Romania’s proposed changes to its second pillar pension system will impose “disproportionate capital requirements” on providers, PensionsEurope has warned. 

In a strongly worded statement issued jointly with the Romanian pension fund association APAPR, the European pension fund lobby group supported Romanian stakeholders’ recent criticism of the government’s reform plans.

“[The] pension reform… envisages new disproportionate capital requirements for pension funds which PensionsEurope finds highly political and devastating for the Romanian pension system,” the statement said.

APAPR president Radu Craciun added: “The new 10% capital requirements would mean that pension fund managers need to put aside an additional estimate of €800m, 11 times the current capital requirements and almost twice as much as all fees charged by the pension schemes in the 11 years of operation.”

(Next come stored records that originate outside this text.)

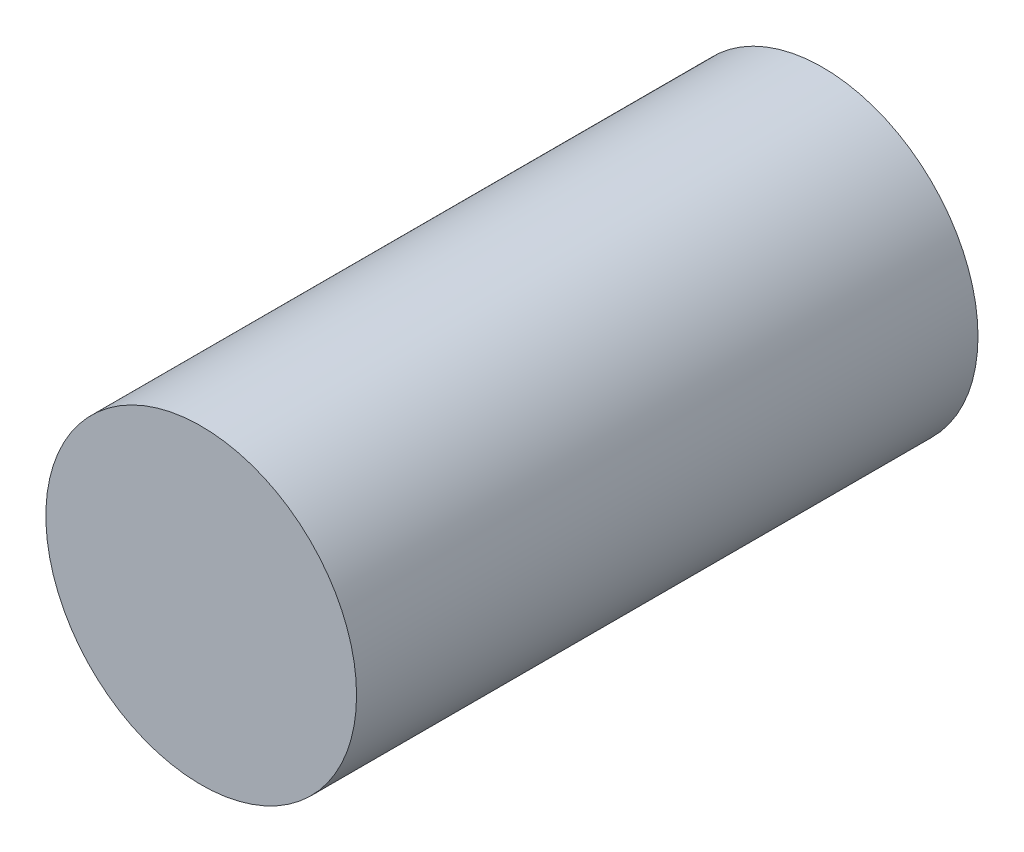
ISO-10303-21;
HEADER;
FILE_DESCRIPTION(('STEP AP214'),'2;1');
FILE_NAME('part.step','',(''),(''),'','','');
FILE_SCHEMA(('AUTOMOTIVE_DESIGN { 1 0 10303 214 1 1 1 1 }'));
ENDSEC;
DATA;
#1=APPLICATION_CONTEXT('core data for automotive mechanical design processes');
#2=APPLICATION_PROTOCOL_DEFINITION('international standard','automotive_design',2000,#1);
#3=PRODUCT_CONTEXT('',#1,'mechanical');
#4=PRODUCT('Part','Part','',(#3));
#5=PRODUCT_RELATED_PRODUCT_CATEGORY('part','',(#4));
#6=PRODUCT_DEFINITION_FORMATION('','',#4);
#7=PRODUCT_DEFINITION_CONTEXT('part definition',#1,'design');
#8=PRODUCT_DEFINITION('design','',#6,#7);
#9=PRODUCT_DEFINITION_SHAPE('','',#8);
#10=(LENGTH_UNIT() NAMED_UNIT(*) SI_UNIT(.MILLI.,.METRE.));
#11=(NAMED_UNIT(*) PLANE_ANGLE_UNIT() SI_UNIT($,.RADIAN.));
#12=(NAMED_UNIT(*) SI_UNIT($,.STERADIAN.) SOLID_ANGLE_UNIT());
#13=UNCERTAINTY_MEASURE_WITH_UNIT(LENGTH_MEASURE(1.E-05),#10,'distance_accuracy_value','');
#14=(GEOMETRIC_REPRESENTATION_CONTEXT(3) GLOBAL_UNCERTAINTY_ASSIGNED_CONTEXT((#13)) GLOBAL_UNIT_ASSIGNED_CONTEXT((#10,
#11,#12)) REPRESENTATION_CONTEXT('',''));
#15=CARTESIAN_POINT('',(0.,0.,0.));
#16=DIRECTION('',(0.,0.,1.));
#17=DIRECTION('',(1.,0.,0.));
#18=AXIS2_PLACEMENT_3D('',#15,#16,#17);
#19=CARTESIAN_POINT('',(0.,0.,2.54));
#20=DIRECTION('',(0.,0.,-1.));
#21=DIRECTION('',(-1.,0.,0.));
#22=AXIS2_PLACEMENT_3D('',#19,#20,#21);
#23=CYLINDRICAL_SURFACE('',#22,1.27);
#24=CARTESIAN_POINT('',(0.,0.,2.54));
#25=DIRECTION('',(0.,0.,1.));
#26=DIRECTION('',(1.,0.,0.));
#27=AXIS2_PLACEMENT_3D('',#24,#25,#26);
#28=CIRCLE('',#27,1.27);
#29=CARTESIAN_POINT('',(1.27,0.,2.54));
#30=VERTEX_POINT('',#29);
#31=EDGE_CURVE('E10',#30,#30,#28,.T.);
#32=ORIENTED_EDGE('',*,*,#31,.F.);
#33=EDGE_LOOP('',(#32));
#34=FACE_BOUND('',#33,.T.);
#35=CARTESIAN_POINT('',(0.,0.,-2.54));
#36=DIRECTION('',(0.,0.,1.));
#37=DIRECTION('',(1.,0.,0.));
#38=AXIS2_PLACEMENT_3D('',#35,#36,#37);
#39=CIRCLE('',#38,1.27);
#40=CARTESIAN_POINT('',(1.27,0.,-2.54));
#41=VERTEX_POINT('',#40);
#42=EDGE_CURVE('E38',#41,#41,#39,.T.);
#43=ORIENTED_EDGE('',*,*,#42,.T.);
#44=EDGE_LOOP('',(#43));
#45=FACE_BOUND('',#44,.T.);
#46=ADVANCED_FACE('F35',(#34,#45),#23,.T.);
#47=CARTESIAN_POINT('',(0.,0.,2.54));
#48=DIRECTION('',(0.,0.,1.));
#49=DIRECTION('',(1.,0.,0.));
#50=AXIS2_PLACEMENT_3D('',#47,#48,#49);
#51=PLANE('',#50);
#52=ORIENTED_EDGE('',*,*,#31,.T.);
#53=EDGE_LOOP('',(#52));
#54=FACE_BOUND('',#53,.T.);
#55=ADVANCED_FACE('F50',(#54),#51,.T.);
#56=CARTESIAN_POINT('',(0.,0.,-2.54));
#57=DIRECTION('',(0.,0.,1.));
#58=DIRECTION('',(1.,0.,0.));
#59=AXIS2_PLACEMENT_3D('',#56,#57,#58);
#60=PLANE('',#59);
#61=ORIENTED_EDGE('',*,*,#42,.F.);
#62=EDGE_LOOP('',(#61));
#63=FACE_BOUND('',#62,.T.);
#64=ADVANCED_FACE('F48',(#63),#60,.F.);
#65=CLOSED_SHELL('',(#46,#55,#64));
#66=MANIFOLD_SOLID_BREP('B2',#65);
#67=ADVANCED_BREP_SHAPE_REPRESENTATION('',(#18,#66),#14);
#68=SHAPE_DEFINITION_REPRESENTATION(#9,#67);
ENDSEC;
END-ISO-10303-21;

Talking to IPE earlier this month, the Romanian CFA Society warned of a “de-facto nationalisation” of the second pillar by the reform.

PensionsEurope called on the Romanian government to “withdraw its plan” for the new capital requirements.

Implementing this measure would “devastate the current stability and good results” of the Romanian second pillar’s mandatory defined contribution (DC) plans, said Matti Leppälä, CEO of PensionsEurope.

Combined with other reform proposals, this would “destroy Romanian second pillar DC pension plans”, added Leppälä.

Over the past decade, Romanian second pillar pension funds have been among the best performers in Europe with over 8% annualised nominal returns after fees, by mainly investing in government debt.

Additional criticism came from the Romanian financial market regulator ASF, which warned that the high level of capital requirements “can discourage the administration side of these privately managed pension funds”.

This in turn could lead to providers withdrawing from the market, the regulatory body warned.